• Assigned task:
Up to and including the line that contains "doc.units = ezdxf.units.IN", repeat the entries below exactly from the first line on. Do not carry over any pictures.

• Given data:
☆ ☆ ☆ ☆ ☆

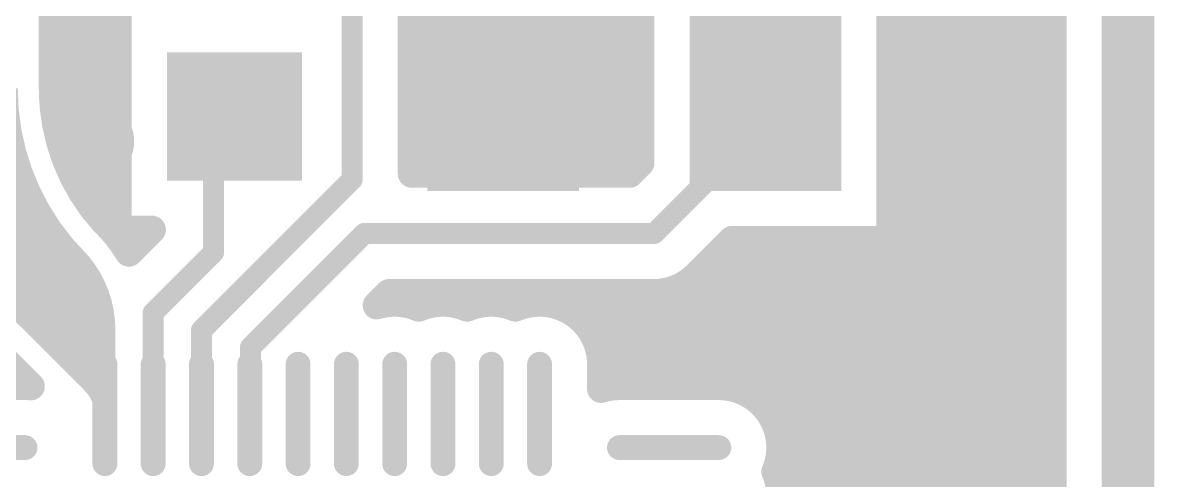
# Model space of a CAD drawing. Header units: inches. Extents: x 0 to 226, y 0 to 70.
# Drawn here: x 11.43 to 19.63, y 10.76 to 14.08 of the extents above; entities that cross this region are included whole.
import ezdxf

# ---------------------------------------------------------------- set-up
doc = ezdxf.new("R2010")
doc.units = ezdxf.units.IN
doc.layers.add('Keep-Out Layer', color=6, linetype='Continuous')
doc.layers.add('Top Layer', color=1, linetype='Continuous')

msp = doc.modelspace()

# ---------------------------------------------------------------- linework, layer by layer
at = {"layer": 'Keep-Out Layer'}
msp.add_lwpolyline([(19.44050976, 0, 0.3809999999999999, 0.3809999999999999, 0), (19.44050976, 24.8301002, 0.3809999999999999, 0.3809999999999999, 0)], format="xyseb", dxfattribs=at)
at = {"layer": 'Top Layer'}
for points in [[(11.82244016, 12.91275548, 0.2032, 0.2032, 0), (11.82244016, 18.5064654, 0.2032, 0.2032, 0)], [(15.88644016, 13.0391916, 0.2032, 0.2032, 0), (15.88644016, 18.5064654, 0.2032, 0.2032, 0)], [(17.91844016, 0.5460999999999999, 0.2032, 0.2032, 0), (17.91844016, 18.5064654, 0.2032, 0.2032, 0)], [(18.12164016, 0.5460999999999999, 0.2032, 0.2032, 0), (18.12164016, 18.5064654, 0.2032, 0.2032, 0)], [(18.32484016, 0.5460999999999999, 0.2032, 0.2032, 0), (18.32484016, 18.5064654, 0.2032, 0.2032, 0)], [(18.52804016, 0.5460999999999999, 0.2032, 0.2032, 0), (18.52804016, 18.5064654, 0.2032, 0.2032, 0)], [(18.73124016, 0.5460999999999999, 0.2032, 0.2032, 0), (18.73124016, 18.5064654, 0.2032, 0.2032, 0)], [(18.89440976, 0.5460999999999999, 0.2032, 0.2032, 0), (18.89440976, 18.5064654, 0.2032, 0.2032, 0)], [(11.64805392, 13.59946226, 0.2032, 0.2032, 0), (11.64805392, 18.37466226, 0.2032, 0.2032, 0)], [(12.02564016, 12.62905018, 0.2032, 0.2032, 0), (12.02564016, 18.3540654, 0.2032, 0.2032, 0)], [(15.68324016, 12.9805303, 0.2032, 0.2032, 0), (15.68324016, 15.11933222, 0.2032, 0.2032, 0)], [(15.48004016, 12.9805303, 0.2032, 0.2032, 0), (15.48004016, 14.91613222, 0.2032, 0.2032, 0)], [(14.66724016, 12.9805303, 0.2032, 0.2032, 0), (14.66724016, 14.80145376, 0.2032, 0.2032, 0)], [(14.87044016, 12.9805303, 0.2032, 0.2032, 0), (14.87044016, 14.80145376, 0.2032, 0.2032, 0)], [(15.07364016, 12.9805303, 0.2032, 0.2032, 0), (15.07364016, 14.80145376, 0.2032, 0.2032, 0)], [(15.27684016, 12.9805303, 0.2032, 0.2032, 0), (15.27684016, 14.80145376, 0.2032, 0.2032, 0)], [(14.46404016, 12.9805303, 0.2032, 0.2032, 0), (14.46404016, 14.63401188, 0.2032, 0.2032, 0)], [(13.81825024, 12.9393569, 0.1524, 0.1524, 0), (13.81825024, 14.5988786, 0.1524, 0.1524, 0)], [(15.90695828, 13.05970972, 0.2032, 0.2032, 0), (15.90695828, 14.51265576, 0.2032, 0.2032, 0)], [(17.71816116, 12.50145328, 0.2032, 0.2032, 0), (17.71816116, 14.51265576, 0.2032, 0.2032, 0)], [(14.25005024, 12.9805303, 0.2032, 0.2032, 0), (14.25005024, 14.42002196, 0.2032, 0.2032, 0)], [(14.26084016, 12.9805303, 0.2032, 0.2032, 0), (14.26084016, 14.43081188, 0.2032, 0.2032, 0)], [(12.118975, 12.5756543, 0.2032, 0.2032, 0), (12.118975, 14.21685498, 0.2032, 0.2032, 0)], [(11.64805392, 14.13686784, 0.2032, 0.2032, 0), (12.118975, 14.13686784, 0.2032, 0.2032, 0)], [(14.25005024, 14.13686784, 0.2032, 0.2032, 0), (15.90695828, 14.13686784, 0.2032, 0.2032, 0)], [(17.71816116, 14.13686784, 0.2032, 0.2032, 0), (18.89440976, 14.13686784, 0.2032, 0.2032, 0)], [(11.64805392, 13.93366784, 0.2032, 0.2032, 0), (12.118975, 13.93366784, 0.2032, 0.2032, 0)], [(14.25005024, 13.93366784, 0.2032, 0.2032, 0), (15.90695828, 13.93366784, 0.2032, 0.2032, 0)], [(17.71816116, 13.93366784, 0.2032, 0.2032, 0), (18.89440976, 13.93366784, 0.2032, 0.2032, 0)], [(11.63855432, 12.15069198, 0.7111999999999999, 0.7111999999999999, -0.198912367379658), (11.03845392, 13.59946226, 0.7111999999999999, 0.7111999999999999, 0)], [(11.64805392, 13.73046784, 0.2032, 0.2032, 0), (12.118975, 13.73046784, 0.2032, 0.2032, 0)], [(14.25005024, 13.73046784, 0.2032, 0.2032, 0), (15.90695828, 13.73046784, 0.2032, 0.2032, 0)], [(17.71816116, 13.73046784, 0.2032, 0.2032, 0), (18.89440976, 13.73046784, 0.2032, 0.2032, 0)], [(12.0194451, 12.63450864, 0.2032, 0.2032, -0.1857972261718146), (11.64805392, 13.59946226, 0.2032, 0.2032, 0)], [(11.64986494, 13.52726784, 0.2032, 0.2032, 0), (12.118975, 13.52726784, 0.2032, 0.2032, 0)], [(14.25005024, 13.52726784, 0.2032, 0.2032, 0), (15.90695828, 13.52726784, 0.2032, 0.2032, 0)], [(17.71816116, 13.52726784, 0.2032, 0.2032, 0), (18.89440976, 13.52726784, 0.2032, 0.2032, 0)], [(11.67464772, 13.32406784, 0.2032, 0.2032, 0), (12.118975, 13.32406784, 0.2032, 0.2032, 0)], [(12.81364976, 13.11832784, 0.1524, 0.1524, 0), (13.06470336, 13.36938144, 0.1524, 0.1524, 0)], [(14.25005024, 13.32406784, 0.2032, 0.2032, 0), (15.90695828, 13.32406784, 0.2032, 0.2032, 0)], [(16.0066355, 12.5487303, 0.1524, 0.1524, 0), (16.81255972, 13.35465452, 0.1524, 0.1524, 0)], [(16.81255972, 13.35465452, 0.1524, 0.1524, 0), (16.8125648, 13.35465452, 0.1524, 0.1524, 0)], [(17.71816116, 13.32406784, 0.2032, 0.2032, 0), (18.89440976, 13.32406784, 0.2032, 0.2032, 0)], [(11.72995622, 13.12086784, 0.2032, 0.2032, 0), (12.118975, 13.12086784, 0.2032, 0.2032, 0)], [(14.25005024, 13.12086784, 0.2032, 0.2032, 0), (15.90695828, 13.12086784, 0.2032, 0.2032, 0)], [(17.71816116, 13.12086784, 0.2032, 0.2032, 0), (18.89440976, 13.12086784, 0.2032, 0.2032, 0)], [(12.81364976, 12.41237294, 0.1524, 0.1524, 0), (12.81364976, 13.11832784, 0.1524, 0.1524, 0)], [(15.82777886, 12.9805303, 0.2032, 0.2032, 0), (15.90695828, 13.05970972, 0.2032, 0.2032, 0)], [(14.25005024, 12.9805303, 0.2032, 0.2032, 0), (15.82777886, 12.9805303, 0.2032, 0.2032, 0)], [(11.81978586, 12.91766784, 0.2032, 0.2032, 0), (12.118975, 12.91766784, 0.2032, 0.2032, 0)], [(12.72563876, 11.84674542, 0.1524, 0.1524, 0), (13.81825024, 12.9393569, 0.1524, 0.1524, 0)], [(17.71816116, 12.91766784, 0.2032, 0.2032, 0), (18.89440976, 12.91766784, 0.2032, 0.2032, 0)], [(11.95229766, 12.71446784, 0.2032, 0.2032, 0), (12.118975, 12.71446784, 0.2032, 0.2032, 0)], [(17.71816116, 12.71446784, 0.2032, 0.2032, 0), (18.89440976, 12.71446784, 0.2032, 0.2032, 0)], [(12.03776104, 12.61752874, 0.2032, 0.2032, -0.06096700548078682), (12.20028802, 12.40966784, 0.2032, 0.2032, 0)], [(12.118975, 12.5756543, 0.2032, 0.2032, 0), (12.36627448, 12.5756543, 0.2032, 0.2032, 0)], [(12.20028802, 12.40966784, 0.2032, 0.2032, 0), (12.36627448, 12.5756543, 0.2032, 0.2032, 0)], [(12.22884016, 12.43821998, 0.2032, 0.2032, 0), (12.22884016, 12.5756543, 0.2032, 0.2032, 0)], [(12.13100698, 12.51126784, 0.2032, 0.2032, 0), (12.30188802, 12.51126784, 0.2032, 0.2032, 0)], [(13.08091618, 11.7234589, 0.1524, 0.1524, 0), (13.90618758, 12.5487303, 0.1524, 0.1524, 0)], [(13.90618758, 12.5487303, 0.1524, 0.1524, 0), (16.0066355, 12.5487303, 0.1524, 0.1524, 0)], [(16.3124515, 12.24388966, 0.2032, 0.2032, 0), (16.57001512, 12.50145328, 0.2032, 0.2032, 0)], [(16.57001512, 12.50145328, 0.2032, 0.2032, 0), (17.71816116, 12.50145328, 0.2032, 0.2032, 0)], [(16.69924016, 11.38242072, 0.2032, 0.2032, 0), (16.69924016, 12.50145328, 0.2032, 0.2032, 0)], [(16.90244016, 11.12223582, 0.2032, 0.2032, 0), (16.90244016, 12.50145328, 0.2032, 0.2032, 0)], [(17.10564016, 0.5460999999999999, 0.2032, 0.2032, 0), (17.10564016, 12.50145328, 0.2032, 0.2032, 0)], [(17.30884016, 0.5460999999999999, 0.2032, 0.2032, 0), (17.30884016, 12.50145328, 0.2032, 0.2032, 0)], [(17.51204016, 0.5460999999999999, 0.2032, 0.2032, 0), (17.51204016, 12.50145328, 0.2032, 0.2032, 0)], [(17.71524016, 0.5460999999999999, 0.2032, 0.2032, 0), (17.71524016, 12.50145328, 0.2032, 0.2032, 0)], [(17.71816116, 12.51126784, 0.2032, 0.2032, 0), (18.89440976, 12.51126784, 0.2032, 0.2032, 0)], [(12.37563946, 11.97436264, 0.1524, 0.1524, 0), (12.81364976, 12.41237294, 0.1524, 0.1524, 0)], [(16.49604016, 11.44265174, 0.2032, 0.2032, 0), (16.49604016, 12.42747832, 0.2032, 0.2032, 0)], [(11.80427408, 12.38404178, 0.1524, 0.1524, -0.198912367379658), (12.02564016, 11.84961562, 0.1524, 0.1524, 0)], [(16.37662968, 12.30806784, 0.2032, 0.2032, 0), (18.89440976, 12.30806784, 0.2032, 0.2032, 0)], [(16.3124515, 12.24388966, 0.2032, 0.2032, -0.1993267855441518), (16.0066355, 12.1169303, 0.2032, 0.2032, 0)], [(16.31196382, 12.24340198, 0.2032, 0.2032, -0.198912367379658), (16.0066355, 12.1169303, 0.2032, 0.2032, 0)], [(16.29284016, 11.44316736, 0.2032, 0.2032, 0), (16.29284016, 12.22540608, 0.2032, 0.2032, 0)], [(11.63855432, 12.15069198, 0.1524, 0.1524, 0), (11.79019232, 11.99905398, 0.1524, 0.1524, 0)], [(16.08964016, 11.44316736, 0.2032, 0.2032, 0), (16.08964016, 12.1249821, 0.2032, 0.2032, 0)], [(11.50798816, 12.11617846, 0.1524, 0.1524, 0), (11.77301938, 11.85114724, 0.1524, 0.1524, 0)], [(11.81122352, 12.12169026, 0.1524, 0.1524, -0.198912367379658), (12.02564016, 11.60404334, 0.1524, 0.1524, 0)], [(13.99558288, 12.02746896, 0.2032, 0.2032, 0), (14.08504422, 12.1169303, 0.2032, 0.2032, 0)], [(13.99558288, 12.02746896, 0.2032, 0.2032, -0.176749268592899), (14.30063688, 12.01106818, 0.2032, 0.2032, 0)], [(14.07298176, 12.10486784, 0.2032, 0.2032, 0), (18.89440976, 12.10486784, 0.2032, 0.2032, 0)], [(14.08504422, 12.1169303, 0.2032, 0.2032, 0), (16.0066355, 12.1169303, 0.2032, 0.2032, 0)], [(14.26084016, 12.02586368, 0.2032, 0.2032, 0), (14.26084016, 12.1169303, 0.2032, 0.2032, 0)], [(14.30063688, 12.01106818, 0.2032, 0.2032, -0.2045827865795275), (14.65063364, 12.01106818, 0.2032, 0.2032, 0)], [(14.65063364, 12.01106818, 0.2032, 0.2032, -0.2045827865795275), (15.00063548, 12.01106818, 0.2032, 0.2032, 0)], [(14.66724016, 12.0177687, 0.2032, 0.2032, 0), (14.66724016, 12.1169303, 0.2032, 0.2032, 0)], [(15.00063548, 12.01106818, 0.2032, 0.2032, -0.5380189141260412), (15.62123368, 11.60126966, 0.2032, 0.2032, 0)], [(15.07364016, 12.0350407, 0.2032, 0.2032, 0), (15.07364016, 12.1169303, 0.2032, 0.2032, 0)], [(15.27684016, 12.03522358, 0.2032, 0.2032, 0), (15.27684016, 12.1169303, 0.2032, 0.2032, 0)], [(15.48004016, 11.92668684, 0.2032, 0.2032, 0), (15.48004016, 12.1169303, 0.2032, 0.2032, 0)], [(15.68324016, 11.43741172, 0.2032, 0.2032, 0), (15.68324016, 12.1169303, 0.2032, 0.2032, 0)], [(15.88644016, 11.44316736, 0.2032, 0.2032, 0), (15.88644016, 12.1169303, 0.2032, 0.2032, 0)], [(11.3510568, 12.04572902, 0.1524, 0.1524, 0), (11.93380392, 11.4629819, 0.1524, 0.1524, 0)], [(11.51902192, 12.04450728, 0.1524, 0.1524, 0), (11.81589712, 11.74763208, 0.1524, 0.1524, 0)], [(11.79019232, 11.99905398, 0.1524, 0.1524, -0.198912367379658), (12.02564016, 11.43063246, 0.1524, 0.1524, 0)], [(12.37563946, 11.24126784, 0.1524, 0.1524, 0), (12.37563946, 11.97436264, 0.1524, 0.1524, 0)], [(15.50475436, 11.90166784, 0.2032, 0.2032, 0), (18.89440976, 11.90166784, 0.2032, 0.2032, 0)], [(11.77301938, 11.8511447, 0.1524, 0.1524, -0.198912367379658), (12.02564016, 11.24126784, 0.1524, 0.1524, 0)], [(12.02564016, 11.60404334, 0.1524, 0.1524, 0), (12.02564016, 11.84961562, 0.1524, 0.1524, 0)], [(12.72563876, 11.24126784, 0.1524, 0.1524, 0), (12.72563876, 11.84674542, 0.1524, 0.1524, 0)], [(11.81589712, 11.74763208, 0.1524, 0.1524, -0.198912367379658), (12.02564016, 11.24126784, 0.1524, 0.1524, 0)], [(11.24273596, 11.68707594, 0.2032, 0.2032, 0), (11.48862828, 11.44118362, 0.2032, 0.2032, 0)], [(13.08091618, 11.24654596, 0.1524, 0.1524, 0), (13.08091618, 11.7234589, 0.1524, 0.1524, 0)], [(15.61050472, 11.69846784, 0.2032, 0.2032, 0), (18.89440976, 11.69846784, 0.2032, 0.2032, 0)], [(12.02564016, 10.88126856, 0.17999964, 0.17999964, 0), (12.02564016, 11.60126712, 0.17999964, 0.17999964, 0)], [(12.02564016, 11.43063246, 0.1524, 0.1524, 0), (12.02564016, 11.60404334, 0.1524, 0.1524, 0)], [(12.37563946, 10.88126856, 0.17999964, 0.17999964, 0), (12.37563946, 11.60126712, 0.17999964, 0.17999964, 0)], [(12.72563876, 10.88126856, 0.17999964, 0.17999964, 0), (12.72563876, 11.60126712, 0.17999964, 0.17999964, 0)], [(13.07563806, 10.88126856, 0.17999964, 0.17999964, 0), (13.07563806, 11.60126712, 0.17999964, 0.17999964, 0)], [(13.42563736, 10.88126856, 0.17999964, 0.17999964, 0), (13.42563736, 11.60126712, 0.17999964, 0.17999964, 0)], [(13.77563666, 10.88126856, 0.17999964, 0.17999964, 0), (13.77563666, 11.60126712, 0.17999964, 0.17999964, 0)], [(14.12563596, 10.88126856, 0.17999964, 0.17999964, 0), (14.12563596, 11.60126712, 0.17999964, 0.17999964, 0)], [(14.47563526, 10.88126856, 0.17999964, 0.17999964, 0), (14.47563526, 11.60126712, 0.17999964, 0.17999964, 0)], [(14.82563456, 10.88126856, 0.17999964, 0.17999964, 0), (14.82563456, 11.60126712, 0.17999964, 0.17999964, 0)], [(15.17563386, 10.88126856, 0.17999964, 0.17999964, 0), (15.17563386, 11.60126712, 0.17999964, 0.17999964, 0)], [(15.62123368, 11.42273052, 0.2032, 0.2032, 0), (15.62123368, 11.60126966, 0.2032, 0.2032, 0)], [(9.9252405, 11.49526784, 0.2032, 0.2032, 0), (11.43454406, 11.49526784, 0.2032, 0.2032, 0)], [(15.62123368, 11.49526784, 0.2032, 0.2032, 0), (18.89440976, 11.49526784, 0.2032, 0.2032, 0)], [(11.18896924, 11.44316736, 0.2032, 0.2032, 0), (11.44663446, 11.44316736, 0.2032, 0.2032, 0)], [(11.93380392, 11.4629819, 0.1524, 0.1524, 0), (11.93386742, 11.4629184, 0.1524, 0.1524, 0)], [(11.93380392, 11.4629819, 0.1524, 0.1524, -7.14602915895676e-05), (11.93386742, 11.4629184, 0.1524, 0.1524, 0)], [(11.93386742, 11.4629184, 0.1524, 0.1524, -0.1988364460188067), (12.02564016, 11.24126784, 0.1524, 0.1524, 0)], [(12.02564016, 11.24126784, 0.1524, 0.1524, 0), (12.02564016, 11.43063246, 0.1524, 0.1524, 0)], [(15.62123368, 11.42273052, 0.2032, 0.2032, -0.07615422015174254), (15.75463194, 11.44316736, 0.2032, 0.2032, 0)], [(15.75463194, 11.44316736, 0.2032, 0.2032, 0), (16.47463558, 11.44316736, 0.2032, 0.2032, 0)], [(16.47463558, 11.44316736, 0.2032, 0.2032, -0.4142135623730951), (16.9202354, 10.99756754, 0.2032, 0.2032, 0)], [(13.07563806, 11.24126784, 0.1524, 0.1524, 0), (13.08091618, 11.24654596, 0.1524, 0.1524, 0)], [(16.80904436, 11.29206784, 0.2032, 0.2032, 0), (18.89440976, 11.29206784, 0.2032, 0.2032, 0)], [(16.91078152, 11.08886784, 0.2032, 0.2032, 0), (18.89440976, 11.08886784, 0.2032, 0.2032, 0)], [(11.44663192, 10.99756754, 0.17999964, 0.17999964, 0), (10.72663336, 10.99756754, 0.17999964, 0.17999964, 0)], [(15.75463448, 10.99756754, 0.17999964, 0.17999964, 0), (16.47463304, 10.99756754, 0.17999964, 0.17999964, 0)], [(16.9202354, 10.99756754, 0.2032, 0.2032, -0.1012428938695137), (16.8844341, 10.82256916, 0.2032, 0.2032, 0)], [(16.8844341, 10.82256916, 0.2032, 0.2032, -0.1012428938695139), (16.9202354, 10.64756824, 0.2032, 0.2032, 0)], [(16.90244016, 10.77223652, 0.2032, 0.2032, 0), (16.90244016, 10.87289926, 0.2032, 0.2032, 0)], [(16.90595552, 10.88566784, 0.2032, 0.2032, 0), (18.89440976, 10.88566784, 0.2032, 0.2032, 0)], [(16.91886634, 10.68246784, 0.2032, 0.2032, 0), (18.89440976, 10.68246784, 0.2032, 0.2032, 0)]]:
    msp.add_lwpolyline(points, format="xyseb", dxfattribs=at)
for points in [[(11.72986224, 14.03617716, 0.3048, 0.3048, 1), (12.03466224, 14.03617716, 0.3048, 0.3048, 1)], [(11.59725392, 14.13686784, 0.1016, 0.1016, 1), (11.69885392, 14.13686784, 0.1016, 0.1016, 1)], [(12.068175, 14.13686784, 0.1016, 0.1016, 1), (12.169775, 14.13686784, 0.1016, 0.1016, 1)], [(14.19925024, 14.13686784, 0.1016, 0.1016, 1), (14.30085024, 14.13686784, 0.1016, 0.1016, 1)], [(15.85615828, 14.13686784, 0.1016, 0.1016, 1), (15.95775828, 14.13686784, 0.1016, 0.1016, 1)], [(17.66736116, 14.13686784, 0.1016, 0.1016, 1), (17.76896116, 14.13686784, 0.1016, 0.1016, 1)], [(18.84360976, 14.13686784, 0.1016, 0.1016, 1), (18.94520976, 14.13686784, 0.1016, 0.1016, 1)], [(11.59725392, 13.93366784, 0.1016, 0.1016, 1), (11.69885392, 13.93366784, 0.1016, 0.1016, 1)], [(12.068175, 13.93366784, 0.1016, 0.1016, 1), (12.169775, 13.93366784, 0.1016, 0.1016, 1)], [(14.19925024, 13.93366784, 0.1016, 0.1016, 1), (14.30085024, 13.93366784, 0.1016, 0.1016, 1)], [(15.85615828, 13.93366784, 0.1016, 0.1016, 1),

☆ ☆ ☆ ☆ ☆

• Exercise result:
# Model space of a CAD drawing. Header units: inches. Extents: x 0 to 226, y 0 to 70.
# Drawn here: x 11.43 to 19.63, y 10.76 to 14.08 of the extents above; entities that cross this region are included whole.
import ezdxf

# ---------------------------------------------------------------- set-up
doc = ezdxf.new("R2010")
doc.units = ezdxf.units.IN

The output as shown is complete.